We gebruiken vervolgens verschillende technieken om de afstanden tot verschillende objecten te meten en al deze informatie samen te plotten om een idee te krijgen van waar sterren en gaswolken zich bevinden en welke "structuur" aanwezig is in de Melkweg.
Aanvankelijk, toen dit werd gedaan, wezen de resultaten op een oplossing dat de Melkweg een spiraalvormig sterrenstelsel was. Na verdere beoordeling met aanvullende gegevens en meer gevoelige instrumenten, geloven wetenschappers nu dat we eigenlijk in een subklasse van spiraalvormige sterrenstelsels verblijven, bekend als verjaard spiraalvormige sterrenstelsels.

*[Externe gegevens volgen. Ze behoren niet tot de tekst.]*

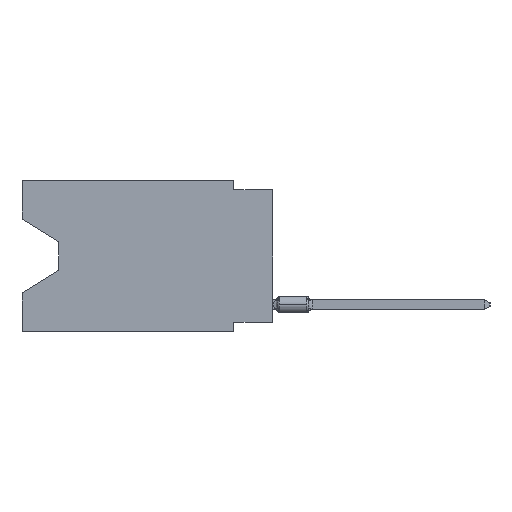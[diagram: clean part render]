
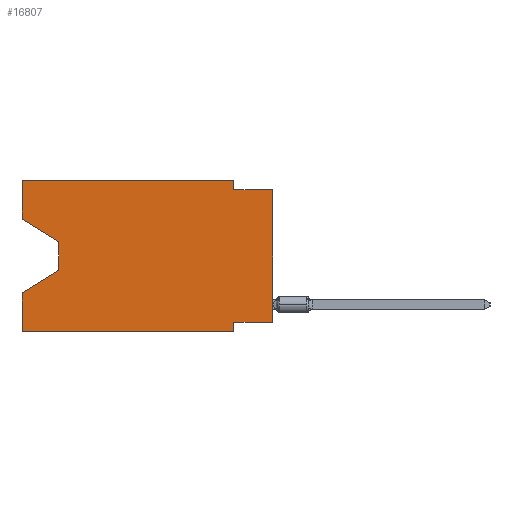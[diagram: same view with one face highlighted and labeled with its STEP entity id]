
A CAD part, left-side view. The second image highlights one B-rep face of the part: STEP entity #16807.
In plain terms, the highlighted planar face has unit normal (-1, 0, 0).
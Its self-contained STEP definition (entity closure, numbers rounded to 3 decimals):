
#113 = VERTEX_POINT ( 'NONE', #24143 ) ;
#325 = LINE ( 'NONE', #24645, #2174 ) ;
#409 = VERTEX_POINT ( 'NONE', #14361 ) ;
#413 = DIRECTION ( 'NONE',  ( 0., -1., 0. ) ) ;
#466 = EDGE_CURVE ( 'NONE', #3988, #7822, #16822, .T. ) ;
#1002 = ORIENTED_EDGE ( 'NONE', *, *, #466, .F. ) ;
#1212 = VECTOR ( 'NONE', #27781, 1000. ) ;
#1279 = CARTESIAN_POINT ( 'NONE',  ( 0., 16.383, 0. ) ) ;
#1312 = CARTESIAN_POINT ( 'NONE',  ( 0., 16.383, 0. ) ) ;
#1558 = VERTEX_POINT ( 'NONE', #9236 ) ;
#1655 = DIRECTION ( 'NONE',  ( 0., 0.855, -0.519 ) ) ;
#1892 = VERTEX_POINT ( 'NONE', #16733 ) ;
#2174 = VECTOR ( 'NONE', #14715, 1000. ) ;
#2217 = EDGE_CURVE ( 'NONE', #25856, #409, #22506, .T. ) ;
#2813 = DIRECTION ( 'NONE',  ( 0., -1., 0. ) ) ;
#3988 = VERTEX_POINT ( 'NONE', #30245 ) ;
#4146 = ORIENTED_EDGE ( 'NONE', *, *, #14470, .F. ) ;
#4184 = VERTEX_POINT ( 'NONE', #7147 ) ;
#4909 = VECTOR ( 'NONE', #29644, 1000. ) ;
#4918 = ORIENTED_EDGE ( 'NONE', *, *, #6170, .F. ) ;
#5102 = DIRECTION ( 'NONE',  ( 0., -0.855, -0.519 ) ) ;
#5152 = CARTESIAN_POINT ( 'NONE',  ( 0., 16.383, -9.906 ) ) ;
#5266 = EDGE_CURVE ( 'NONE', #12007, #113, #325, .T. ) ;
#5853 = DIRECTION ( 'NONE',  ( 0., 0., -1. ) ) ;
#6170 = EDGE_CURVE ( 'NONE', #409, #4184, #22684, .T. ) ;
#6416 = EDGE_CURVE ( 'NONE', #4184, #3988, #14720, .T. ) ;
#6820 = CARTESIAN_POINT ( 'NONE',  ( 0., 0., -9.271 ) ) ;
#7147 = CARTESIAN_POINT ( 'NONE',  ( 0., 2.54, 0. ) ) ;
#7822 = VERTEX_POINT ( 'NONE', #11231 ) ;
#8426 = ORIENTED_EDGE ( 'NONE', *, *, #19278, .F. ) ;
#8886 = VECTOR ( 'NONE', #10710, 1000. ) ;
#9112 = ORIENTED_EDGE ( 'NONE', *, *, #30592, .T. ) ;
#9193 = VECTOR ( 'NONE', #14510, 1000. ) ;
#9236 = CARTESIAN_POINT ( 'NONE',  ( 0., 2.54, -9.906 ) ) ;
#9375 = CARTESIAN_POINT ( 'NONE',  ( 0., 2.54, -9.271 ) ) ;
#9770 = LINE ( 'NONE', #5152, #24197 ) ;
#10392 = VERTEX_POINT ( 'NONE', #9375 ) ;
#10710 = DIRECTION ( 'NONE',  ( 0., 0., 1. ) ) ;
#11231 = CARTESIAN_POINT ( 'NONE',  ( 0., 0., -0.635 ) ) ;
#11303 = VECTOR ( 'NONE', #12892, 1000. ) ;
#11349 = CARTESIAN_POINT ( 'NONE',  ( 0., 0., 0. ) ) ;
#11426 = ORIENTED_EDGE ( 'NONE', *, *, #21566, .F. ) ;
#11875 = VERTEX_POINT ( 'NONE', #30241 ) ;
#12007 = VERTEX_POINT ( 'NONE', #26816 ) ;
#12892 = DIRECTION ( 'NONE',  ( 0., 0., -1. ) ) ;
#13101 = VECTOR ( 'NONE', #5102, 1000. ) ;
#14361 = CARTESIAN_POINT ( 'NONE',  ( 0., 16.383, 0. ) ) ;
#14470 = EDGE_CURVE ( 'NONE', #10392, #1558, #27072, .T. ) ;
#14509 = EDGE_LOOP ( 'NONE', ( #9112, #15624, #26737, #8426, #24119, #4146, #11426, #24247, #1002, #29927, #4918, #20790 ) ) ;
#14510 = DIRECTION ( 'NONE',  ( 0., 1., 0. ) ) ;
#14515 = CARTESIAN_POINT ( 'NONE',  ( 0., 0., -0.635 ) ) ;
#14715 = DIRECTION ( 'NONE',  ( 0., 0., -1. ) ) ;
#14720 = LINE ( 'NONE', #24178, #11303 ) ;
#15624 = ORIENTED_EDGE ( 'NONE', *, *, #5266, .T. ) ;
#16658 = LINE ( 'NONE', #17130, #9193 ) ;
#16733 = CARTESIAN_POINT ( 'NONE',  ( 0., 16.383, -9.906 ) ) ;
#16807 = ADVANCED_FACE ( 'NONE', ( #27560 ), #22621, .F. ) ;
#16822 = LINE ( 'NONE', #14515, #25362 ) ;
#17130 = CARTESIAN_POINT ( 'NONE',  ( 0., 0., -9.271 ) ) ;
#17143 = CARTESIAN_POINT ( 'NONE',  ( 0., 2.54, -9.906 ) ) ;
#18369 = LINE ( 'NONE', #25497, #23401 ) ;
#18929 = LINE ( 'NONE', #11349, #1212 ) ;
#19278 = EDGE_CURVE ( 'NONE', #1892, #11875, #20623, .T. ) ;
#19523 = VERTEX_POINT ( 'NONE', #6820 ) ;
#19775 = CARTESIAN_POINT ( 'NONE',  ( 0., 16.383, -2.546 ) ) ;
#20623 = LINE ( 'NONE', #24985, #21621 ) ;
#20790 = ORIENTED_EDGE ( 'NONE', *, *, #2217, .F. ) ;
#21337 = VECTOR ( 'NONE', #5853, 1000. ) ;
#21366 = LINE ( 'NONE', #19775, #13101 ) ;
#21566 = EDGE_CURVE ( 'NONE', #19523, #10392, #16658, .T. ) ;
#21621 = VECTOR ( 'NONE', #29606, 1000. ) ;
#22506 = LINE ( 'NONE', #1279, #8886 ) ;
#22621 = PLANE ( 'NONE',  #24939 ) ;
#22684 = LINE ( 'NONE', #1312, #4909 ) ;
#23401 = VECTOR ( 'NONE', #1655, 1000. ) ;
#24119 = ORIENTED_EDGE ( 'NONE', *, *, #24251, .T. ) ;
#24143 = CARTESIAN_POINT ( 'NONE',  ( 0., 13.97, -5.893 ) ) ;
#24178 = CARTESIAN_POINT ( 'NONE',  ( 0., 2.54, 0. ) ) ;
#24197 = VECTOR ( 'NONE', #2813, 1000. ) ;
#24247 = ORIENTED_EDGE ( 'NONE', *, *, #30073, .T. ) ;
#24251 = EDGE_CURVE ( 'NONE', #1892, #1558, #9770, .T. ) ;
#24645 = CARTESIAN_POINT ( 'NONE',  ( 0., 13.97, -4.013 ) ) ;
#24939 = AXIS2_PLACEMENT_3D ( 'NONE', #27260, #25250, #24953 ) ;
#24953 = DIRECTION ( 'NONE',  ( 0., 0., -1. ) ) ;
#24985 = CARTESIAN_POINT ( 'NONE',  ( 0., 16.383, 0. ) ) ;
#25250 = DIRECTION ( 'NONE',  ( 1., 0., 0. ) ) ;
#25362 = VECTOR ( 'NONE', #413, 1000. ) ;
#25497 = CARTESIAN_POINT ( 'NONE',  ( 0., 13.97, -5.893 ) ) ;
#25856 = VERTEX_POINT ( 'NONE', #27716 ) ;
#26737 = ORIENTED_EDGE ( 'NONE', *, *, #29084, .T. ) ;
#26816 = CARTESIAN_POINT ( 'NONE',  ( 0., 13.97, -4.013 ) ) ;
#27072 = LINE ( 'NONE', #17143, #21337 ) ;
#27260 = CARTESIAN_POINT ( 'NONE',  ( 0., 16.383, 0. ) ) ;
#27560 = FACE_OUTER_BOUND ( 'NONE', #14509, .T. ) ;
#27716 = CARTESIAN_POINT ( 'NONE',  ( 0., 16.383, -2.546 ) ) ;
#27781 = DIRECTION ( 'NONE',  ( 0., 0., 1. ) ) ;
#29084 = EDGE_CURVE ( 'NONE', #113, #11875, #18369, .T. ) ;
#29606 = DIRECTION ( 'NONE',  ( 0., 0., 1. ) ) ;
#29644 = DIRECTION ( 'NONE',  ( 0., -1., 0. ) ) ;
#29927 = ORIENTED_EDGE ( 'NONE', *, *, #6416, .F. ) ;
#30073 = EDGE_CURVE ( 'NONE', #19523, #7822, #18929, .T. ) ;
#30241 = CARTESIAN_POINT ( 'NONE',  ( 0., 16.383, -7.36 ) ) ;
#30245 = CARTESIAN_POINT ( 'NONE',  ( 0., 2.54, -0.635 ) ) ;
#30592 = EDGE_CURVE ( 'NONE', #25856, #12007, #21366, .T. ) ;

Deze sterrenstelsels zijn in feite hetzelfde als normale spiraalvormige sterrenstelsels, behalve het feit dat ze ten minste één "staaf" hebben die door de uitstulping van de melkweg gaat waardoor de armen zich uitstrekken.
Er zijn echter sommigen die beweren dat hoewel de complexe, door velen begunstigde structuur mogelijk is, dat het de Melkweg heel anders zou maken dan andere, versperde spiraalvormige sterrenstelsels die we zien en dat het mogelijk is dat we in plaats daarvan in een onregelmatige staat leven heelal. Dit is minder waarschijnlijk, maar niet buiten het bereik van de mogelijkheden.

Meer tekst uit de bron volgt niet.